What Does it Mean to be "Removed"?
Being a confessed novice in the field of genealogical studies demanded some effort in understanding the terms often used in such studies. Perhaps you have heard some refer to a relative, especially one to whom they are more remotely related, as being a second or third cousin twice removed. If you are like me, you also wondered what that phrase meant.
Rhonda R. McClure, a genealogist working with Biography Magazine clarifies the double aspect of what was once a rather ambiguous declaration("All For You," November 2002, 10). The number associated with the "cousin" (i.e. first or second cousins) describes the number of generations two contemporary cousins must count backwards before they can identify common grandparents.
First cousins share the same grandparents.The "removed" quotient applies to cousins from different generations and is derived by counting the number of generations separating them (one may share a common grandparent while the other shares a common great-great grandparent).
Second cousins share the same great-grandparents, etc.
For each additional "great" added to the "grandparents" the initial number increases as well.
These two concepts can be illustrated by establishing the relationship between our branch of the Bragg family and the celebrated General Braxton T. Bragg (unfortunately, we can't do the same with General Edward S. Bragg only because of incomplete records, despite the fact that his relatives recognized that the two generals were related to each other).
The two charts below demonstrate these concepts. The top chart shows that, from the contemporary cousins (William and Braxton), we must go back two generations to find first cousins (Joseph B.  being the Great-Great-Grandfather of both men, Joseph  and John  where half-brothers [same father, different mothers], Richard  and John  were first cousins) making William and Braxton third cousins.

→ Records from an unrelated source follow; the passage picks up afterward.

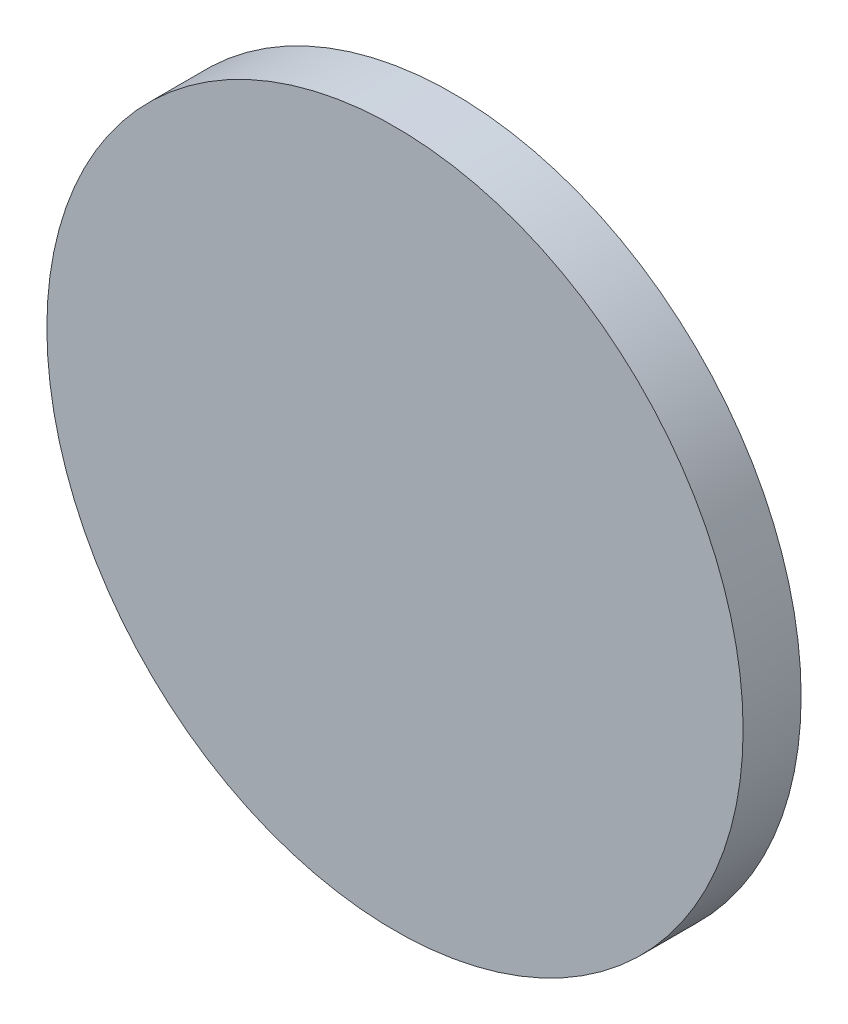
from build123d import *

# Parameters (mm, degrees)
SKETCH1_R           = 38.1
BOSS_EXTRUDE1_DEPTH = 6.35


with BuildPart() as part:
    # Sketch1 → Boss-Extrude1 (new body)
    with BuildSketch(Plane.XY):
        Circle(SKETCH1_R)
    extrude(amount=BOSS_EXTRUDE1_DEPTH)


solid = part.part

To illustrate the "removed" principle, the lower chart shows the forward progression of these two families. Since we were born in the twelfth generation and William and Braxton (he had no sons to carry on the family name) were born in the eighth, there are four generations between us. Our great-great-grandfather William and Braxton were third cousins. Therefore Braxton T. Bragg is our third cousin (based on William's relationship to Braxton) four times removed (based on our relationship to William, i.e. the number of generations seperating us from the two contemporary cousins: William and Braxton).